The seller is a bad mechanician he do many bad job`s 
Wire from both AFM only scrunch(i don`t know the right word) not soldered.
The same with groundwire from fuelpump only jamed with screw.

But now enough. I will do a right job and make a nice car from shit.

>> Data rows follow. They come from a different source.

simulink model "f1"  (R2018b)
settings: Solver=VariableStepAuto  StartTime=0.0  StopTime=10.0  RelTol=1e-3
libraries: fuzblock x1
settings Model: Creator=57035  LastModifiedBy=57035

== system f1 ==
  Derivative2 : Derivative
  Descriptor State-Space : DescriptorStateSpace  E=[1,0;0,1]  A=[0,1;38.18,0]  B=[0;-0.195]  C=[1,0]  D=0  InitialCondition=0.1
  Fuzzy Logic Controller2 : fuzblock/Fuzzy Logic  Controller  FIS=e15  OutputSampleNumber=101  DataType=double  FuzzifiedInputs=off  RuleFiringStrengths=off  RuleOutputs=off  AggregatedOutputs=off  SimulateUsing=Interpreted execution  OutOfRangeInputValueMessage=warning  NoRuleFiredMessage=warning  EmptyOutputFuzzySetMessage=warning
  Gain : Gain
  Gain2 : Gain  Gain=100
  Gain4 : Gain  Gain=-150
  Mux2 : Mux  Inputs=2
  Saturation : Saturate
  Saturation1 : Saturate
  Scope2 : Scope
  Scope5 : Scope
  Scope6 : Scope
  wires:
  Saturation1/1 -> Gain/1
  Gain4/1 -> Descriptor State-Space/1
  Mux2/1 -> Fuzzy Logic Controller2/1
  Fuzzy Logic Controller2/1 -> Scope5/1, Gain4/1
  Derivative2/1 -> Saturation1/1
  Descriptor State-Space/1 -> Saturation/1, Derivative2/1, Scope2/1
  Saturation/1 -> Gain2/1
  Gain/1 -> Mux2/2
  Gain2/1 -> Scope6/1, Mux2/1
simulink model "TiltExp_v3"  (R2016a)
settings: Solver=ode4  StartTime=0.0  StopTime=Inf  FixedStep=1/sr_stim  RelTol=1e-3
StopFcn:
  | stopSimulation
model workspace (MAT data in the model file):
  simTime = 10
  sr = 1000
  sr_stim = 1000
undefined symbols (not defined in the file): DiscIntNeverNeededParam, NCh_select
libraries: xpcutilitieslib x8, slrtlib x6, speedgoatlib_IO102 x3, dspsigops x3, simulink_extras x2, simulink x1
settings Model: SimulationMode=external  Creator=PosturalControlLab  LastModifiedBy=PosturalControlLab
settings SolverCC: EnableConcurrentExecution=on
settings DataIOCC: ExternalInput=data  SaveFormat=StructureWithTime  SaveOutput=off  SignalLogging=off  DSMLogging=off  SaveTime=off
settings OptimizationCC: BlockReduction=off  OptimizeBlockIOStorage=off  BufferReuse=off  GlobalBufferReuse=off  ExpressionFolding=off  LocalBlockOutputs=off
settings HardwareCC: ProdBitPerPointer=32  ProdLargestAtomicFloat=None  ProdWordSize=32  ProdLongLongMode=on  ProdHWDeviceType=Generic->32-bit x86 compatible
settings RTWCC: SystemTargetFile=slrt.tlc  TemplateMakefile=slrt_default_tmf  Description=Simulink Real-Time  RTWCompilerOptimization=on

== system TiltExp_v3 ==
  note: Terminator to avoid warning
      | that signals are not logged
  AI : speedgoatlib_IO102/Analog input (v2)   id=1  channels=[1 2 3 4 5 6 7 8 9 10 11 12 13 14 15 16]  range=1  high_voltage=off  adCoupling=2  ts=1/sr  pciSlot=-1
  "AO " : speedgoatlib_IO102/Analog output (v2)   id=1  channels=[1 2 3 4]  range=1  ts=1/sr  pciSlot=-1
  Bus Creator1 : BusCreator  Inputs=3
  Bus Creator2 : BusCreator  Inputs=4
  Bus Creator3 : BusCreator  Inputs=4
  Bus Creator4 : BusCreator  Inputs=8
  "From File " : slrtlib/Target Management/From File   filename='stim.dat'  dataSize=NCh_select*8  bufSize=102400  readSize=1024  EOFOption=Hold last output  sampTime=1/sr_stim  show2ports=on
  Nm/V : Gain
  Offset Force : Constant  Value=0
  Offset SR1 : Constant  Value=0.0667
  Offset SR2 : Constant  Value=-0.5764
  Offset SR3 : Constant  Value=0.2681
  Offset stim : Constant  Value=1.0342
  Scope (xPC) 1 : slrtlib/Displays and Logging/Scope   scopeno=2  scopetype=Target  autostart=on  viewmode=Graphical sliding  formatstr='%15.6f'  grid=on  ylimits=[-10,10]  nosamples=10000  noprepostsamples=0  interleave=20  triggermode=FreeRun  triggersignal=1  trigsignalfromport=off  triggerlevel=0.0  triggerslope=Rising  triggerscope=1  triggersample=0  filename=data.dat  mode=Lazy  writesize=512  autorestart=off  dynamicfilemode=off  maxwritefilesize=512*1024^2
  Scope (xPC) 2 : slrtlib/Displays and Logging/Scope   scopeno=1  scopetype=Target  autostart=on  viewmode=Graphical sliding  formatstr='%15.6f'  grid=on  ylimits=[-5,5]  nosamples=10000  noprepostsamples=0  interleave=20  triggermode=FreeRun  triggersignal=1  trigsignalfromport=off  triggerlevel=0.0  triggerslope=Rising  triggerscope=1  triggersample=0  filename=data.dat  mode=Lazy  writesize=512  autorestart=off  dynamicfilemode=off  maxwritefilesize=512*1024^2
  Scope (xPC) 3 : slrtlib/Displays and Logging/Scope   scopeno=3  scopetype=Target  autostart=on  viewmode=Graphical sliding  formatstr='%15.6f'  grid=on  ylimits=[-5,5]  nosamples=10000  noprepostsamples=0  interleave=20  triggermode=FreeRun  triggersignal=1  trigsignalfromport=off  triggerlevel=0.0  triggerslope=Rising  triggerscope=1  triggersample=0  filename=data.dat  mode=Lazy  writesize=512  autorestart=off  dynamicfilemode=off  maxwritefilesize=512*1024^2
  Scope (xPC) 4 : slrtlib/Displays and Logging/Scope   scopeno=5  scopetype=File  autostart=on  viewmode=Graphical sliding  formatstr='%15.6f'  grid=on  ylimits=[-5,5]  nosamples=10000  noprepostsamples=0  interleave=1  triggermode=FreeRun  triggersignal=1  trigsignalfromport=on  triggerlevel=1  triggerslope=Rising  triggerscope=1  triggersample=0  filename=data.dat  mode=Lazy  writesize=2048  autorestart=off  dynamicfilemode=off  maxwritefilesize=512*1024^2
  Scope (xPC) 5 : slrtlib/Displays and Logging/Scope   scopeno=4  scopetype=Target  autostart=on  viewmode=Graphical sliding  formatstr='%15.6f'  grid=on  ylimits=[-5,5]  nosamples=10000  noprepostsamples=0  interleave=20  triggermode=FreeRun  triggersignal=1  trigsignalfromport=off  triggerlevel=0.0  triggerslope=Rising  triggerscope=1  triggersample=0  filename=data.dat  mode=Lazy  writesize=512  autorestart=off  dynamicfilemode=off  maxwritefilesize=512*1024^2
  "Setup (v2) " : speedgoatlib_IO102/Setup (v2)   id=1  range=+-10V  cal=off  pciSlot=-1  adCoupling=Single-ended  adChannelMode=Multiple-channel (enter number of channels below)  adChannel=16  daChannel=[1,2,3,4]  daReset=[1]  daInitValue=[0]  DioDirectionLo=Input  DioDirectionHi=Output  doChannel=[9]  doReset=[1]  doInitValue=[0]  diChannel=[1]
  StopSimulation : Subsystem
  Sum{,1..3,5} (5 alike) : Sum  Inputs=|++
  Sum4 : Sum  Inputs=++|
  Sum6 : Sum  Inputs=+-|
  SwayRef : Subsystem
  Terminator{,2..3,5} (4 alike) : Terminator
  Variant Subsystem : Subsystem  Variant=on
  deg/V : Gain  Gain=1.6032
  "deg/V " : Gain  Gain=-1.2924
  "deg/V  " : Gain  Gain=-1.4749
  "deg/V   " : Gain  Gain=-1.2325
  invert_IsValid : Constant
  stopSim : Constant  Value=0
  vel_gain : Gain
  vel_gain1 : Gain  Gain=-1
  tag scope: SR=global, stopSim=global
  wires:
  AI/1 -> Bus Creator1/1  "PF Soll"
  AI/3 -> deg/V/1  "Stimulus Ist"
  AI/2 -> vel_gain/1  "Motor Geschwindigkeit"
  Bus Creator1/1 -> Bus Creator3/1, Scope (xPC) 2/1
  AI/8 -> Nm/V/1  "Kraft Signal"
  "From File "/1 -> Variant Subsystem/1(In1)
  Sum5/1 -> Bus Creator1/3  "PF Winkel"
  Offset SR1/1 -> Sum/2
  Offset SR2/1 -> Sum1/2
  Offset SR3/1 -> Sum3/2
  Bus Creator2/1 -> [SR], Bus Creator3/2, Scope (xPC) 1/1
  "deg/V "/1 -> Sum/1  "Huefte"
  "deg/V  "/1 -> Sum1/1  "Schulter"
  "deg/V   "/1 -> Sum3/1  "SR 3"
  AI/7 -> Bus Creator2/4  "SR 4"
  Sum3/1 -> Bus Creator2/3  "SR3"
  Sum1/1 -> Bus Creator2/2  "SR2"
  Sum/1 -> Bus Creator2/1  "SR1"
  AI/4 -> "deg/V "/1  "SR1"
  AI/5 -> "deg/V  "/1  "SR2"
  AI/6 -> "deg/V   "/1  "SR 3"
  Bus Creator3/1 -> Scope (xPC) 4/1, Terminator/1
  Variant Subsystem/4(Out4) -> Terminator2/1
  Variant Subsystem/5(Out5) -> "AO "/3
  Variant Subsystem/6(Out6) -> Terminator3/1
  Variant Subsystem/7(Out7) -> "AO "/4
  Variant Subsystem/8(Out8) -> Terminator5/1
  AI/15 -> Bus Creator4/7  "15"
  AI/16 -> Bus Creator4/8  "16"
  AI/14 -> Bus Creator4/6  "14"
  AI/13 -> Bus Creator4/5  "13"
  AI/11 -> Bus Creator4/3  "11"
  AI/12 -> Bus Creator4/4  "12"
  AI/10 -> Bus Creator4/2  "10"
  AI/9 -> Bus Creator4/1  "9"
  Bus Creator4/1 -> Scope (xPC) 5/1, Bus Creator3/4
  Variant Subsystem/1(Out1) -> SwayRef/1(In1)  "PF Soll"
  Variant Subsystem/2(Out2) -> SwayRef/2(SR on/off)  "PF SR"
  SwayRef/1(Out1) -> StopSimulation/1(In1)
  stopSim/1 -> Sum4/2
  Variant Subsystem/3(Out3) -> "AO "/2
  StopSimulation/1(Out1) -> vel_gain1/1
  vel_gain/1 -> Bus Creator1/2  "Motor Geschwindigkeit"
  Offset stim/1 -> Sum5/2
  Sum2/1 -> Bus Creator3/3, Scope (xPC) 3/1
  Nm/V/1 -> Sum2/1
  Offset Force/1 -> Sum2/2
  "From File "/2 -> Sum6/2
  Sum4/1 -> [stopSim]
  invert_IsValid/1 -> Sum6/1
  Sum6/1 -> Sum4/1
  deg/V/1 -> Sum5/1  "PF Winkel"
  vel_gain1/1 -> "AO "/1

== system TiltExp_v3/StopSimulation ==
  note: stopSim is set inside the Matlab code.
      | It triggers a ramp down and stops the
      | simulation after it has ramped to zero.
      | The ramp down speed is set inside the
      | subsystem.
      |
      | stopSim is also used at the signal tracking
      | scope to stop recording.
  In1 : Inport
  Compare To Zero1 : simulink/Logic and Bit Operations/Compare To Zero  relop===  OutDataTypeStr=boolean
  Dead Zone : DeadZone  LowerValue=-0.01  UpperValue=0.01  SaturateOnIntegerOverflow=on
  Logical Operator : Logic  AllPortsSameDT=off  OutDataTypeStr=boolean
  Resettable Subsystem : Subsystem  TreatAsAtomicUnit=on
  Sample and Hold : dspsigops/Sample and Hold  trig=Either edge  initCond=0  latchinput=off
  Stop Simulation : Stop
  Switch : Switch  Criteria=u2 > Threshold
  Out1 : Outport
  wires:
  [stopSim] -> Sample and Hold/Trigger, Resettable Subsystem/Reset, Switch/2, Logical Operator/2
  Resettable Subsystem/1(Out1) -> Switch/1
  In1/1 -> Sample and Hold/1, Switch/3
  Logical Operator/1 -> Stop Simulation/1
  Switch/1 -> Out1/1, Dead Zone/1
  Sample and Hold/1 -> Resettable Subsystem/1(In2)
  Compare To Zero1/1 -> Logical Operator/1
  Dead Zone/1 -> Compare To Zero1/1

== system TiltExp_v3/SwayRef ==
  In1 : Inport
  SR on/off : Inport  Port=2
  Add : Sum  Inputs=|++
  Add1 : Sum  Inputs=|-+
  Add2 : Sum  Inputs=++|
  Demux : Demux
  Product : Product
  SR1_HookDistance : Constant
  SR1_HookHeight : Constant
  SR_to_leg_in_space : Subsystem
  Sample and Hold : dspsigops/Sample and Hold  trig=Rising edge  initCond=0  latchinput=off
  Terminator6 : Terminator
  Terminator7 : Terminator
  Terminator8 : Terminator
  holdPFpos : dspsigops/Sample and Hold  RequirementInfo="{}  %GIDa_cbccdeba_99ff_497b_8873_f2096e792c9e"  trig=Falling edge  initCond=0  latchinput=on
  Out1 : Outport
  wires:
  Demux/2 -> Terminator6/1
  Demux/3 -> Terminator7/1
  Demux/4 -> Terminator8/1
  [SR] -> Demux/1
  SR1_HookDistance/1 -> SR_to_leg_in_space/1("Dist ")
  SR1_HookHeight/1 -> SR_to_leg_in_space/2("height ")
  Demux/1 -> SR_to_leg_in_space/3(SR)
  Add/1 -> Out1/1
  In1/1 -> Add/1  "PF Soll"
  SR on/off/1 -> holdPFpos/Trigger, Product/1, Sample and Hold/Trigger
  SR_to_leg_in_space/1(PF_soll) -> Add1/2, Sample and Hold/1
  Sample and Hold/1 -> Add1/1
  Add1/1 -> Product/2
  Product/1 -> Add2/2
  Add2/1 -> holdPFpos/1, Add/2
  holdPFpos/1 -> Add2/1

I`m so sorry for my bad english

R33 GT-R BJ 1995 77tkm

Mods:
Auto Select front fender braces
TSW Thruxton 9,5x18 ET20 with 245/40 18 _(to sell)_
HKS Springs
NISMO front & rear Stabilizer
NISMO Shift Knob
MOMO Steering-wheel_(sold)_
TRUST GFK Bonnet
TRUST Sidekirs 
JUN Rearspads
EXEDY Hyper Multi Plate Clutch
APEXI Turbotimer
KAKIMOTO Downpipe & Catback _(sold)_
GREDDY Profec A BC _(sold)_

Mods: 2007/2008
APEXI AVCR-R
APR Pro Headstuts _(done)_
APR Mainstuts _(done)_
APR Rodbolts _(done)_
BLITZ NÜR SPEC R Catback _(done)_
BREMBO 8-Kolben 380x36mm _(1/2 done)_
GREDDY Oilcatchtank _(done)_
GREDDY Downpipe _(done)_
NISMO Super Copermix Clutch _(done)_
NISMO 320 Km/h Speedometer _(done)_
NISMO Conrod & Main Bearings _(done)_
NISMO Big Operation Cylinder _(done)_
NISMO Steel Clutch Hose _(done)_
NISMO Rear Arms
TOMEI Head gasket 1.5mm _(done)_
TOMEI Valve Springs Typ B _(done)_
TOMEI Fuelpump _(done)_
TOMEI Valveguides _(done)_
TOMEI Timing Belt _(done)_
WÖSSNER Pistons _(done)_
WÖSSNER Conrods _(done)_
KOYO Radiator
big Intercooler _(done)_
Oilcooler
OEM Xenon Headlights
Headlightwasher
R33 ECU Daughterboard
Modificated Head
new Paintwork _(done)_
new bigger Wheels
Dashboard with passenger Airbag _(done)_
Multiinfodisplay: 
- front & rearaxle & Transmission & Eingine Oil Temp
- Oilpress
- boost pressure & Airtemp
- Exhausttemp 1 & 2
- and many more
Car PC with Touchscreen



























































































Dynorun with 0.9bar


----------



## Fuzzy (Jun 2, 2007)

*XS Intercooler[/b


















Tomei Phosphorbronze Valve Guides

















ARP Head Stuts

















ARP Main Stuts

















Blitz Nuer Spec

























Tomei Fuelpump









Tomei Valve Spring Typ B

















Tomei Timing Belt









Nissan N1 Ölpumpe









Nismo Clutchline









Nismo Conrod and Main Bearings 









Nismo Speedometer









Greddy Oilcatchtank









Greddy Frontpipe







































*


----------



## Fuzzy (Jun 2, 2007)

Please give me your impressions


----------



## Dynamix (Nov 1, 2007)

Great build up thread. The colour of the car looks amazing! It's a pitty that your skyline wasn't all it was supposed to be when you bought it, but by the looks somethng great will come from it! Good luck and keep up the good work


----------



## Oskarsson (Feb 4, 2007)

If you going to sell the steeringwheel with the hub so let me know  Good looking car btw.


----------



## G40tee (Feb 25, 2008)

gread build mate, gld to see youre amending mistakes that it had, hasve done an awesome job, love the colour!
keep us updated.


----------



## Pharoahe (Mar 11, 2006)

Nice build up, looking forward to the rest


----------



## Stachi (Jan 26, 2008)

He's also a nice Guy, always very helpful! 
Will be a nice and clean R33 GTR in the End!

Marc


----------



## Fuzzy (Jun 2, 2007)

Thank you guys 

@Oskarsson: Sorry the steering wheel are sold.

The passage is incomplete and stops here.